# My oldest child



## Keystone (Dec 13, 2014)

My oldest did ten years on active duty in the Army. Married with two children he decieded to leave the Army. He enrolled in the Petroleum Engineering scool at OU in Norman, OK. H graduated today with honors after only 3 1/2 years!
I am a bit proud of him right!


----------



## overboard (Dec 13, 2014)

A salute to your son for 10 yrs. in the Army.
Good for him on furthering his goals, you have the right to be proud! =D>


----------



## Jim (Dec 14, 2014)

That is awesome! Congrats!


----------



## SlowRollin' (Dec 14, 2014)

Awesome news! Very happy for your both.


----------



## KMixson (Dec 14, 2014)

Congrats to your son. I salute him for his service and wish him well in his career choice.


----------



## fool4fish1226 (Dec 15, 2014)

:beer: :beer: :beer: :beer: :beer: :beer: :beer: :beer: :beer: :beer: :beer: :beer: :beer: :beer: :beer: :beer: :beer: :beer: :beer: :beer: :beer: :beer: :beer: :beer: :beer: :beer: :beer: :beer: :beer: :beer: :beer: :beer: :beer: :beer: :beer: :beer: :beer: :beer: :beer: :beer: :USA1: :USA1: :USA1: :USA1: :USA1: :USA1: :USA1: :USA1: :USA1: :USA1: :USA1: :USA1: :USA1: :USA1: :USA1: :USA1: :USA1: :USA1: :USA1: :USA1: :USA1: :USA1: :USA1: :USA1: :USA1: :USA1: :USA1: :USA1: :USA1: :USA1: :USA1: :USA1: :USA1: :USA1: :USA1: :USA1: 


AWESOME


----------



## DocWatson (Dec 16, 2014)

I commend and thank your son for his service and congratulate him on his new degree and a job well done. :USA1: :beer:


----------



## bobby_r67 (Dec 19, 2014)

You and all of your family should be proud.


----------



## RStewart (Dec 19, 2014)

That's is awesome! Thank him for his service & congrats to him on his accomplishment. I hope he enjoyed his stay here in our nice little town.


----------



## Keystone (Dec 20, 2014)

He's is still living in Norman. Working for Devon in OKC. He may be moving in the coming year, but will still be in the OKC area.

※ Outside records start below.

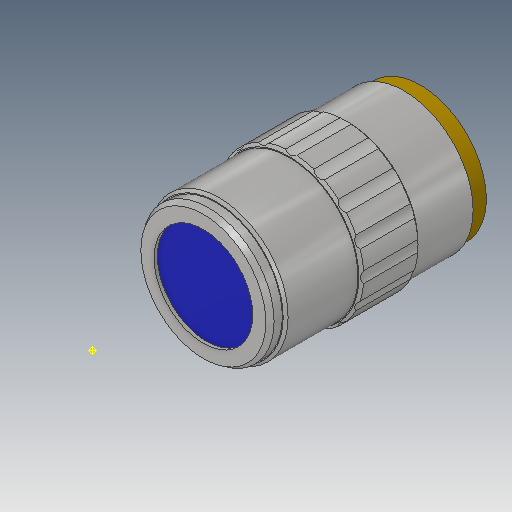
# Autodesk Inventor part: BD-Plan-Apo-approx
Saved by Autodesk Inventor 2021 (Build 250183000, 183)
## iProperties
Created: 2022-09-08
Part Number: BD-Plan-Apo-approx
Material: Generic
Document SubType Name: Modeling
Designer: Nikita
Density: 1 g/cm^3
Appearance: Default
Author: Nikita
Autodesk Inventor part; units mm, degrees
ref_plane "YZ Plane" through (0, 0, 0) normal (1, 0, 0) x (0, 1, 0)
ref_plane "XZ Plane" through (0, 0, 0) normal (0, 1, 0) x (-1, 0, 0)
sketch "Sketch1" plane through (0, 0, 0) normal (0, 0, 1) x (1, 0, 0)
  circle A0 centre (0, 0) radius 19.5
  circle A1 centre (0, 0) radius 20
  circle A2 centre (0, 0) radius 21
  dimension "d0" = 39
  dimension "d1" = 40
  dimension "d2" = 42
  constraints: 3 centre point, 3 coincident
  measures "d0" diameter of A0
  measures "d1" diameter of A1
  measures "d2" diameter of A2
extrude "Extrusion1" add sketch "Sketch1" along normal blind 4 contours A0 | A1
extrude "Extrusion3" add sketch "Sketch1" against normal blind 57 contours A0 | A1 | A2
chamfer "Chamfer2" distance 1 distance2 1.5 1 edges at (-20, 0, 4) measured on face at (-19.5, 0, 4)
chamfer "Chamfer3" distance 0.75 angle 45 1 edges at (-21, 0, 0)
sketch "Sketch2" plane through (0, 0, 4) normal (0, 0, 1) x (1, 0, 0)
  circle A0 centre (0, 0) radius 15
  dimension "d18" = 30
  constraints: 1 centre point, 1 coincident
  measures "d18" diameter of A0
extrude "Extrusion4" cut sketch "Sketch2" against normal blind 1
sketch "Sketch3" plane through (0, 0, -57) normal (0, 0, -1) x (-1, 0, 0)
  circle A0 centre (0, 0) radius 20
  dimension "d21" = 40
  constraints: 1 centre point, 1 coincident
  measures "d21" diameter of A0
extrude "Extrusion5" add sketch "Sketch3" along normal blind 5
ref_plane "Work Plane1" through (0, 0, -22) normal (0, 0, 1) x (1, 0, 0)
sketch "Sketch4" plane through (0, 0, -22) normal (0, 0, 1) x (1, 0, 0)
  circle A0 centre (0, 0) radius 22
  circle A1 centre (0, 0) radius 25
  circle A2 centre (0, 25) radius 3.5
  dimension "d28" = 50
  dimension "d25" = 44
  dimension "d29" = 7
  constraints: 3 coincident, 2 centre point, 1 vertical alignment, 2 other
  measures "d25" diameter of A0
  measures "d29" diameter of A2
extrude "Extrusion6" add sketch "Sketch4" against normal blind 18 contours A0 A2 | A2 A0
extrude "Extrusion7" cut sketch "Sketch4" against normal blind 18 contours A2 A0 | A0 A2 A1 | A1 A2 picked at (-0.1174, 21.8344) picked at (-0.1879, 23.9794)
chamfer "Chamfer4" distance 0.75 angle 45 2 edges at (0, -22, -22) (0, -22, -40)
pattern_circular "Circular Pattern2" count 16 over 360 about axis through (0, 0, -0.75) along (0, 0, 1) of "Extrusion7"
ref_plane "Work Plane2" through (0, 0, 38) normal (0, 0, 1) x (1, 0, 0)
body "Solid1"

Oh, and my favorite place to eat in Norman is The Diner!


----------



## RStewart (Dec 20, 2014)

That's probably the best mom & pop place to eat in town. Red Horse Grill used to be really good also.


----------



## Keystone (Dec 20, 2014)

We will have to meet up the next time I am down there.


----------